_TASK TO CARRY OUT_
Whenever a line below holds the word "dimtmove", count it; please give only the final number.

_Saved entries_
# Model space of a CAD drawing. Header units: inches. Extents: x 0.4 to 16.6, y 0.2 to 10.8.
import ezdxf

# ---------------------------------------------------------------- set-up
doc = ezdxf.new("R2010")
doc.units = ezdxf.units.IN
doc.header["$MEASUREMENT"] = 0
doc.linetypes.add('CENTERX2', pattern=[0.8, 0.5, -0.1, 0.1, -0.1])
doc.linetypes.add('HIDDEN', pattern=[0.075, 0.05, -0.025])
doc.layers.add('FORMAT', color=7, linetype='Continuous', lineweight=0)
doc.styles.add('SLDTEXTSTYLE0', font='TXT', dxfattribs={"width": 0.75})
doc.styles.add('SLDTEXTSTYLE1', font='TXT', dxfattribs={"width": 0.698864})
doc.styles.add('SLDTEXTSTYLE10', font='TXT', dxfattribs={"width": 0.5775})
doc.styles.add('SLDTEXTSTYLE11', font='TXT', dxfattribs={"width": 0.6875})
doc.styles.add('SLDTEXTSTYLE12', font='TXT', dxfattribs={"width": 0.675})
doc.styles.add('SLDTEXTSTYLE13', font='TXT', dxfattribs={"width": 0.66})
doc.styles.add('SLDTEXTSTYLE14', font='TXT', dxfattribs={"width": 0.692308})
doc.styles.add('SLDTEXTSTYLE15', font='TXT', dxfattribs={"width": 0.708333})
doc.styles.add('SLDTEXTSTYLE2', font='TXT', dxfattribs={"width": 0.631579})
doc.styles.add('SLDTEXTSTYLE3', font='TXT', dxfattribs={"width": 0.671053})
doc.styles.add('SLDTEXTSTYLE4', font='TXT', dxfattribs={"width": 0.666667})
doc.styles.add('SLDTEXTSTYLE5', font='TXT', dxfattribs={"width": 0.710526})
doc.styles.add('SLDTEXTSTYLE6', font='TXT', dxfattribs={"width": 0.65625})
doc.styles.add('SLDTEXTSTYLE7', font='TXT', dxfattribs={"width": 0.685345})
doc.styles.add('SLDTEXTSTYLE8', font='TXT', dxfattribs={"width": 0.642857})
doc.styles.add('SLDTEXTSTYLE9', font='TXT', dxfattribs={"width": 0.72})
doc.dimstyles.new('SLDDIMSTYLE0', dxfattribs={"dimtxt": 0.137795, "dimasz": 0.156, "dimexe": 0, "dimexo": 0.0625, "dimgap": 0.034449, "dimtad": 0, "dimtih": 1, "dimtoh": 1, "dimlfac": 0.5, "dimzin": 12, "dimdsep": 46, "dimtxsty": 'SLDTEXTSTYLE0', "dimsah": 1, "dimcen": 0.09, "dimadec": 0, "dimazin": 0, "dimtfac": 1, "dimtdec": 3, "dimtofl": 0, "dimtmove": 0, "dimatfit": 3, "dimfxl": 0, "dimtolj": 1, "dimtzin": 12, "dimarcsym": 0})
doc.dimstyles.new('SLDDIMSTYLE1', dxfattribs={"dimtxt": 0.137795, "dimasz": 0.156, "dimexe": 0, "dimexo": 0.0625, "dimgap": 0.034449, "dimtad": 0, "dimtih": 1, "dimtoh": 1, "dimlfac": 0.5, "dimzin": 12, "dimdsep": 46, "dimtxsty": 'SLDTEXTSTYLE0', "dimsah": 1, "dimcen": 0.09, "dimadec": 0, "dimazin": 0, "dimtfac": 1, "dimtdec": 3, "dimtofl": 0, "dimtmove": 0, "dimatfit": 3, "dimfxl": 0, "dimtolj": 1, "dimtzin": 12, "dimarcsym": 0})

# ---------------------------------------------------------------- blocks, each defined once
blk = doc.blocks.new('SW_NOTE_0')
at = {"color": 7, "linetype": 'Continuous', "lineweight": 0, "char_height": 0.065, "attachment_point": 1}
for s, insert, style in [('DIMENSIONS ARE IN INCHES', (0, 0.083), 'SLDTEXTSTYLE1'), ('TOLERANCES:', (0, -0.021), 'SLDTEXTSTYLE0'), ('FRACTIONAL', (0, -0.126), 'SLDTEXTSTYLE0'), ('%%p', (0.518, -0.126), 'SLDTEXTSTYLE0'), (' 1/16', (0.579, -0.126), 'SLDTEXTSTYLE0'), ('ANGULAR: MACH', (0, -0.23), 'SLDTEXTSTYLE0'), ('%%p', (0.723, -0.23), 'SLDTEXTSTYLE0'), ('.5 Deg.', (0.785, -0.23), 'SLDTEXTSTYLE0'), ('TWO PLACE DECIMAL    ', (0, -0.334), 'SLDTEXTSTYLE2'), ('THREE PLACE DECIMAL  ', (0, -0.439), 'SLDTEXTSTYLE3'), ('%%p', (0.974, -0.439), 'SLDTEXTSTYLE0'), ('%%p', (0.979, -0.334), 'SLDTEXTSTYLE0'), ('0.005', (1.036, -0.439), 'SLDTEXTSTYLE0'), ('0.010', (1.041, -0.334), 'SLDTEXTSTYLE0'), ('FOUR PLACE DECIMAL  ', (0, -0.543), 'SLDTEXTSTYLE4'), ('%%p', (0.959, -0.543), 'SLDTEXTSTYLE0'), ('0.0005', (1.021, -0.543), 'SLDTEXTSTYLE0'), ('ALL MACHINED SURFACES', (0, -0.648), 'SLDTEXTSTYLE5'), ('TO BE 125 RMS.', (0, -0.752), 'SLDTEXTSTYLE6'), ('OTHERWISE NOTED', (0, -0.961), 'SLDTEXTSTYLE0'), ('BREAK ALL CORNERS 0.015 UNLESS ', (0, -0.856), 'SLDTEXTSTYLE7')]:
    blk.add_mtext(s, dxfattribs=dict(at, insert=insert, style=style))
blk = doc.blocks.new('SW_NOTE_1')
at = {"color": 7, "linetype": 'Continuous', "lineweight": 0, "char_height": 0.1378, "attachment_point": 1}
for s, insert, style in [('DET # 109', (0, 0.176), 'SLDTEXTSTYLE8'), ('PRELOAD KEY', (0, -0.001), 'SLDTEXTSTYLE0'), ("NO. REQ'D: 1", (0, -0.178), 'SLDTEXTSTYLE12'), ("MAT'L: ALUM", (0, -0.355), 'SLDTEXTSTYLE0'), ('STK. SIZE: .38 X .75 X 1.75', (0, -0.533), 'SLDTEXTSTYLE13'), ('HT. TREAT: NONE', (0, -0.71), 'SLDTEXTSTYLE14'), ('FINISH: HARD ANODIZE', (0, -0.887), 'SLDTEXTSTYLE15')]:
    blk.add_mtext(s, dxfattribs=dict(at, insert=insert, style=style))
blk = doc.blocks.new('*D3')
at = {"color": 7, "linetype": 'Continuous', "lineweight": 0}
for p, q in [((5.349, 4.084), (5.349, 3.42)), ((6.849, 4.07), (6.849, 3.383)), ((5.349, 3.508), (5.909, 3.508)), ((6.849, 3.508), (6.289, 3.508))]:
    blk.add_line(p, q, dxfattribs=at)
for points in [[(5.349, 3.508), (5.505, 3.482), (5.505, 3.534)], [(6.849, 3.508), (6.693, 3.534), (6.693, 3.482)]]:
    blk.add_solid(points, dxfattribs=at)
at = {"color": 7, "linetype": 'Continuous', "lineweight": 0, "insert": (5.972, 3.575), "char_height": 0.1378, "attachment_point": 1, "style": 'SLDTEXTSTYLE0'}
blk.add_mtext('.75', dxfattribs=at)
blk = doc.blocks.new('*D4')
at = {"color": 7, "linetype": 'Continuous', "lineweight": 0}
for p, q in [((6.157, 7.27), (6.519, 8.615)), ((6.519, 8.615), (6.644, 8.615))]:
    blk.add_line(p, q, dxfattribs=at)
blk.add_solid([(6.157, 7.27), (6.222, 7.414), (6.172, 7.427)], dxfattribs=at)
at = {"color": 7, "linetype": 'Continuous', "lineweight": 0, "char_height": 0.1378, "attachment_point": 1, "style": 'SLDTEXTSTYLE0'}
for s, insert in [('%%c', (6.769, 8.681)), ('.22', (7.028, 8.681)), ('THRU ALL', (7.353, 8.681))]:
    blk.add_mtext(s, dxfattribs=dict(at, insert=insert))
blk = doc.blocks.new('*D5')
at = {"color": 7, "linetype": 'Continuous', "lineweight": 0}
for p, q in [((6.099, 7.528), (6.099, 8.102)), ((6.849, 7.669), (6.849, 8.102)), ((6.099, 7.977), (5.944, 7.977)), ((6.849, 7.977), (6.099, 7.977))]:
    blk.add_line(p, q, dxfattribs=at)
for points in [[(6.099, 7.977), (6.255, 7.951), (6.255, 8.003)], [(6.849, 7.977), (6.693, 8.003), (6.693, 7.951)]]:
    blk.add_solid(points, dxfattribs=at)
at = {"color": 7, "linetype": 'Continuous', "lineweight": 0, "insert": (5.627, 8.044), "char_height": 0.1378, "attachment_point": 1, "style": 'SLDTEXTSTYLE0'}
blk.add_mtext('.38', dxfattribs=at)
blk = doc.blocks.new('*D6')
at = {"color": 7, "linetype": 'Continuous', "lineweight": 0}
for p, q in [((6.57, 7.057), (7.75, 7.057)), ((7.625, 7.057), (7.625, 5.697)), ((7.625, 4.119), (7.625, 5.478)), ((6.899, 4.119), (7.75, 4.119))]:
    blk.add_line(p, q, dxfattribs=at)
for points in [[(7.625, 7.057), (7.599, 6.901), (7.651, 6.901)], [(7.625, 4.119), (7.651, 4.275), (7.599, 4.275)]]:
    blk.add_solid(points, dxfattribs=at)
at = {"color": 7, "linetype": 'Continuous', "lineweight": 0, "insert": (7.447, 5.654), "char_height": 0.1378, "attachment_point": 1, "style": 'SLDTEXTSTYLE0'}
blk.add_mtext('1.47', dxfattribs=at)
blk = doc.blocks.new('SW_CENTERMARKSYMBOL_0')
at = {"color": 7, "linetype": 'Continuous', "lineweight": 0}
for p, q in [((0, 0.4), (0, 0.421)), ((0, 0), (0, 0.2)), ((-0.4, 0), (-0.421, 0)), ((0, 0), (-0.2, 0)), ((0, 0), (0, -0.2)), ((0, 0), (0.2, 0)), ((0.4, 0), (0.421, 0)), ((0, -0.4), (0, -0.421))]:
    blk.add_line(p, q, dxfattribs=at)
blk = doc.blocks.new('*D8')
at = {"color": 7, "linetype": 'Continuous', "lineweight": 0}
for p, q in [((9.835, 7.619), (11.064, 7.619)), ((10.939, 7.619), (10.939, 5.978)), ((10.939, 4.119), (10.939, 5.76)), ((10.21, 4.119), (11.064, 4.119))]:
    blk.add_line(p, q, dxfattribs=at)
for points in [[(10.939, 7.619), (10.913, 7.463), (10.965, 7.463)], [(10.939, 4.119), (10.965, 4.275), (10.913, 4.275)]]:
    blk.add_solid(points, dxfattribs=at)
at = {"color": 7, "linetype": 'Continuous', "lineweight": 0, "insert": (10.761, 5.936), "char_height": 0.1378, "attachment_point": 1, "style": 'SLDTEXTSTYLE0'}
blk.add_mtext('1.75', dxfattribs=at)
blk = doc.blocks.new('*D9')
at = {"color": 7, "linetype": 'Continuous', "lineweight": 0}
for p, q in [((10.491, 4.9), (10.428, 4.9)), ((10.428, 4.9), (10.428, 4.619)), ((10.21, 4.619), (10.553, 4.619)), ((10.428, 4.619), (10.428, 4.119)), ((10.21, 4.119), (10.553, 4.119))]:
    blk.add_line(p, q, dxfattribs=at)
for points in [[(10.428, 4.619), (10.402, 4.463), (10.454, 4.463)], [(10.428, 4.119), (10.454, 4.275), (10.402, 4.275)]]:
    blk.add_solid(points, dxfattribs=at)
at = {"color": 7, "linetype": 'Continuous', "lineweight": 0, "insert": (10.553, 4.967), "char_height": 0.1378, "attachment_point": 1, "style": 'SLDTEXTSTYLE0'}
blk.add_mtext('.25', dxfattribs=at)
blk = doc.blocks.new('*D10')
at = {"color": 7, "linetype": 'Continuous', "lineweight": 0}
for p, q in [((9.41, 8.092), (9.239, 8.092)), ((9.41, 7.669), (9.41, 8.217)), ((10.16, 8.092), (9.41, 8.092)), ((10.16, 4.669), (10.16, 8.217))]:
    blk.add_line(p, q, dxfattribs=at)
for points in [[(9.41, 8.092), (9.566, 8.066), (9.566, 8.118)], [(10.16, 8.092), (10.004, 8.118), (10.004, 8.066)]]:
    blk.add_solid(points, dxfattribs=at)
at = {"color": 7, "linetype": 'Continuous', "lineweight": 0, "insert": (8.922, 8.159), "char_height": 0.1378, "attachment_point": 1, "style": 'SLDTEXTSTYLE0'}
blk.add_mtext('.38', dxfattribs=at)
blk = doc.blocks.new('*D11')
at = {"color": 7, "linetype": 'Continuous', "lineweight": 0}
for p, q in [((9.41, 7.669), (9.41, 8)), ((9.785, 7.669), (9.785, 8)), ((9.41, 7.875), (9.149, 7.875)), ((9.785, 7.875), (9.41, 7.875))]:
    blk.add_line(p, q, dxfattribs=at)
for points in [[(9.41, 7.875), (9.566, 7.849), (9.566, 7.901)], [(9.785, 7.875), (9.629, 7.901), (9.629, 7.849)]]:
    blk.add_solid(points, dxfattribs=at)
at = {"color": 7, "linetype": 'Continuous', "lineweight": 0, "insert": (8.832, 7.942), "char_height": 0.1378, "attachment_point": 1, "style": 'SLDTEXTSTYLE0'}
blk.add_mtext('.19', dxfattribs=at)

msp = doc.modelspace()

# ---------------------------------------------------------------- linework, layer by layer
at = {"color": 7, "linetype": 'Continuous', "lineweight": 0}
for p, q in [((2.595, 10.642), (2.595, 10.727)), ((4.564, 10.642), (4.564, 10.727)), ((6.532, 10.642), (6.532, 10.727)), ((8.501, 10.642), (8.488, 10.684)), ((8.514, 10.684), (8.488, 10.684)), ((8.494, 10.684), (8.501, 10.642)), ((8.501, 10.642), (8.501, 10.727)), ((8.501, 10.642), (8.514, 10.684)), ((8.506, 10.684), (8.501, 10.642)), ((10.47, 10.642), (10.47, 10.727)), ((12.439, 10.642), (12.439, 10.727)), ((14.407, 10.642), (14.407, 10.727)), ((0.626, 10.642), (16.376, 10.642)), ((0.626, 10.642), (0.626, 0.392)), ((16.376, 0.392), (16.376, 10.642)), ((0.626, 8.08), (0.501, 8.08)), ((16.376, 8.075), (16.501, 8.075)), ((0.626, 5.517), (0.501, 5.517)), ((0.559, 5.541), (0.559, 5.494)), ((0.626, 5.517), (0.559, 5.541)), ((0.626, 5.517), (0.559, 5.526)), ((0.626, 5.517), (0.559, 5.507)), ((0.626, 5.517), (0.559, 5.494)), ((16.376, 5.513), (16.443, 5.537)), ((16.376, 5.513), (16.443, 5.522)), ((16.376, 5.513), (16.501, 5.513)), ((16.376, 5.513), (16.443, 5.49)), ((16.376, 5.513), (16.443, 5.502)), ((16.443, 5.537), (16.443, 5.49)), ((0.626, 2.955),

_ANSWER SECTION_
2